The ECC has also directed Petroleum Ministry to seek ratification of decision from the Cabinet before its implementation. "IFEM will fall in controlled-deregulation because the Oil and Gas Regulatory Authority (Ogra) will notify it from one destination to other destination but so far as prices of petroleum products are concerned, refineries and OMCs will determine the prices on monthly basis whereas Ogra will monitor it," the official said, adding that imported price will be benchmark for prices and refineries as well, as OMCs will not be allowed to charge over set ''bench mark price'' to protect consumers interests. He said that in new oil pricing formula, the role of Ogra was more effective.
The official said that in the new approved oil pricing formula, the distortion in prices between locally produced and imported product had been removed by setting ''actual import price'' as bench mark for prices of all petroleum products.
The government had fixed margins of OMCs and dealers, which will be slashed from existing 1.75 per litre to Rs 1.50 per litre and Rs 2.17 per litre to Rs 1.87 per litre on petrol respectively. The margin of OMCs on HOBC will decline from existing Rs 1.98 per litre to Rs 1.72 per litre and dealers margin from existing Rs 2.48 per litre to Rs 2.15 per litre.

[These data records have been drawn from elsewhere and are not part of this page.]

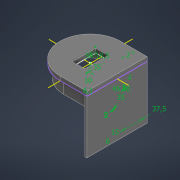
# Autodesk Inventor part: Celo
Saved by Autodesk Inventor 2022 (Build 260153000, 153)
## iProperties
Created: 2021-05-12
Part Number: Celo
Material: Generic
Document SubType Name: Modeling
Designer: jodyn
Density: 1 g/cm^3
Appearance: Gray
Author: jodyn
## iProperties of the stored document Celo_3DPrint.ipt
Created: 2021-05-12
Part Number: Celo_3DPrint
Material: Generic
Document SubType Name: Modeling
Designer: jodyn
Density: 1 g/cm^3
Appearance: Default
Author: jodyn
Autodesk Inventor part; units mm, degrees
ref_plane "YZ Plane" through (0, 0, 0) normal (1, 0, 0) x (0, 1, 0)
ref_plane "XZ Plane" through (0, 0, 0) normal (0, 1, 0) x (-1, 0, 0)
ref_plane "XY Plane" through (0, 0, 0) normal (0, 0, 1) x (1, 0, 0)
sketch "Sketch1" plane through (0, 0, 0) normal (0, 1, 0) x (-1, 0, 0)
  line L0 (62, 0) -> (-57, 0) projected
  line L1 (0, -63) -> (0, 63) projected
  line L2 (9.25, 17.5) -> (-9.25, 17.5)
  line L3 (-9.25, 17.5) -> (-9.25, -17.5)
  line L4 (-9.25, -17.5) -> (9.25, -17.5)
  line L5 (9.25, -17.5) -> (9.25, 17.5)
  circle A0 centre (0, 0) radius 33.5
  circle A1 centre (0, 0) radius 27
  line L6 (0, 45) -> (-40, 45)
  line L7 (-40, 45) -> (-40, -45)
  line L8 (-40, -45) -> (0, -45)
  arc A2 (0, -45) -> (0, 45) centre (0, 0) ccw
  line L9 (-13.1237, -34.8874) -> (-27, -34.8874)
  line L10 (-27, -34.8874) -> (-27, -24.7237)
  line L11 (-27, -24.7237) -> (-22.6051, -24.7237)
  line L12 (-13.1237, -30.8224) -> (-13.1237, -34.8874)
  circle A3 centre (-27.7874, 31.6695) radius 3.05
  circle A4 centre (-27.7874, 31.6695) radius 5
  line L13 (0, 40) -> (-35, 40)
  line L14 (-35, -40) -> (0, -40)
  arc A5 (0, -40) -> (0, 40) centre (0, 0) ccw
  line L15 (-35, -38) -> (0, -38)
  arc A6 (0, -38) -> (0, 38) centre (0, 0) ccw
  line L16 (0, 38) -> (-35, 38)
  line L17 (-35, -40) -> (-35, -38)
  line L18 (-35, 38) -> (-35, 40)
  dimension "d0" = 18.5
  dimension "d1" = 35
  dimension "d2" = 67
  dimension "d3" = 54
  dimension "d18" = 6.1
  dimension "d19" = 10
  dimension "d26" = 2
  constraints: 34 end point, 8 point on circle, 7 centre point, 7 parallel, 4 coincident, 4 point on line, 3 horizontal, 3 perpendicular, 2 midpoint, 1 collinear, 1 vertical, 5 other
  measures "d0" distance of L4.end L3.end
  measures "d1" distance of L3.end L2.end
  measures "d2" diameter of A0
  measures "d3" diameter of A1
  measures "d18" diameter of A3
  measures "d19" diameter of A4
  measures "d26" distance between parallel lines of L14 L15
extrude "Extrusion1" add sketch "Sketch1" along normal blind 5 contours A0 L1 A6 L0 | L0 A6 L1 A0 | A1 L1 L4 L5 L0 | L0 L5 L2 L1 A1 | A6 L1 A5 L0 | L0 A5 L1 A6 | A0 L0 L7 L6 L1 L13 L18 L16 | L1 L15 L17 L14 L8 L7 L0 A0 L11 L10 L9 L12 | L1 L2 L3 L0 A1 | A1 L0 L3 L4 L1 | A5 L1 A2 L0 | L0 A2 L1 A5 | L1 L14 L17 L15 | L16 L18 L13 L1 | L12 L9 L10 L11 A0 | A3 | A4
sketch "Sketch2" plane through (0, 5, 0) normal (0, 1, 0) x (1, 0, 0)
  line L0 (40, 45) -> (0, 45) projected
  arc A0 (0, 45) -> (0, -45) centre (0, 0) ccw projected
  line L1 (0, -45) -> (40, -45) projected
  line L2 (40, -45) -> (40, 45) projected
extrude "Extrusion2" add sketch "Sketch2" along normal blind 1
sketch "Sketch3" plane through (0, 5, 0) normal (0, -1, 0) x (1, 0, 0)
  line L0 (-9.25, -17.5) -> (9.25, -17.5) projected
  line L1 (9.25, -17.5) -> (9.25, 17.5) projected
  line L2 (9.25, 17.5) -> (-9.25, 17.5) projected
  line L3 (-9.25, 17.5) -> (-9.25, -17.5) projected
  point P0 (0, 0)
extrude "Extrusion3" cut sketch "Sketch3" against normal through all
extrude "Extrusion4" cut sketch "Sketch1" along normal blind 5 contours L12 L9 L10 L11 A0
sketch "Sketch4" plane through (0, 0, 0) normal (0, -1, 0) x (1, 0, 0)
  line L0 (40, -45) -> (0, -45) projected
  line L1 (40, 45) -> (40, -45) projected
  line L2 (0, 45) -> (40, 45) projected
  line L3 (40, -45) -> (37, -45)
  line L4 (37, -45) -> (37, 45)
  line L5 (37, 45) -> (40, 45)
  line L6 (40, 45) -> (40, -45)
  dimension "d14" = 3
  constraints: 8 end point, 2 parallel, 1 horizontal, 1 perpendicular, 1 point on line
  measures "d14" distance of L4.end L5.end
extrude "Extrusion5" add sketch "Sketch4" along normal blind 80
extrude "Extrusion6" add sketch "Sketch1" against normal blind 8 contours A4
extrude "Extrusion8" add sketch "Sketch1" against normal blind 20 contours A6 L1 A5 L0 | L0 A5 L1 A6 | L1 L14 L17 L15 | L16 L18 L13 L1
sketch "Sketch5" plane through (37, 0, -45) normal (-1, 0, 0) x (0, 0, 1)
  line L0 (0, -80) -> (90, -80) projected
  line L1 (37.5, -80) -> (52.5, -80)
  line L2 (52.5, -80) -> (52.5, -74)
  line L3 (52.5, -74) -> (37.5, -74)
  line L4 (37.5, -74) -> (37.5, -80)
  line L5 (0, 0) -> (0, -80) projected
  circle A0 centre (25.7628, -15.894) radius 1
  circle A1 centre (25.7628, -15.894) radius 2.5
  line L6 (25.7628, -7.1865) -> (25.7628, -27.0145) construction
  line L7 (25.7628, -15.894) -> (50.5115, -40.6428) construction
  line L8 (25.7628, -15.894) -> (60.7628, -15.894) construction
  circle A2 centre (50.5115, -40.6428) radius 1 construction
  circle A3 centre (50.5115, -40.6428) radius 2.5 construction
  circle A4 centre (50.5115, -40.6428) radius 1
  circle A5 centre (50.5115, -40.6428) radius 2.5
  dimension "d29" = 15
  dimension "d30" = 6
  dimension "d31" = 37.5
  dimension "d37" = 2
  dimension "d38" = 5
  dimension "d39" = 35
  dimension "d40" = 45
  dimension "d41" = 2
  dimension "d42" = 5
  constraints: 14 end point, 6 centre point, 5 coincident, 2 concentric, 2 horizontal, 2 parallel, 1 equal length, 1 perpendicular, 1 point on line, 1 vertical
  measures "d29" distance of L3.end L2.end
  measures "d30" distance of L2.end L1.end
  measures "d31" distance between parallel lines of L5 L4
  measures "d37" diameter of A0
  measures "d38" diameter of A1
  measures "d39" distance of L7.start L7.end
  measures "d40" angle of L7 L8
  measures "d41" diameter of A2
  measures "d42" diameter of A3
extrude "Extrusion9" add sketch "Sketch5" along normal blind 20 contours L4 L3 L2 L0
sketch "Sketch6" plane through (0, -80, 0) normal (0, -1, 0) x (1, 0, 0)
  circle A0 centre (27, 0) radius 1
  point P0 (0, 0)
  dimension "d34" = 2
  constraints: 1 centre point
  measures "d34" diameter of A0
extrude "Extrusion10" cut sketch "Sketch6" against normal blind 5
extrude "Extrusion11" add sketch "Sketch5" along normal blind 5 contours A1 | A5
body "Solid1"

Oil refineries have been urging government to link price of motor gasoline with ''actual import price'' to secure them from loss of Rs 3 to Rs 4 per litre. "Now, the distortion impact in price of petrol between locally produced and imported has been removed after fixing ''actual import price'' as bench mark for motor gasoline," the official said, adding that due to difference between imported and locally produced motor gasoline, OMCs had submitted claims to release money on account of price differential claims. "After new pricing formula, the government will have to face no burden on account of price differential claims on imported motor gasoline," he added.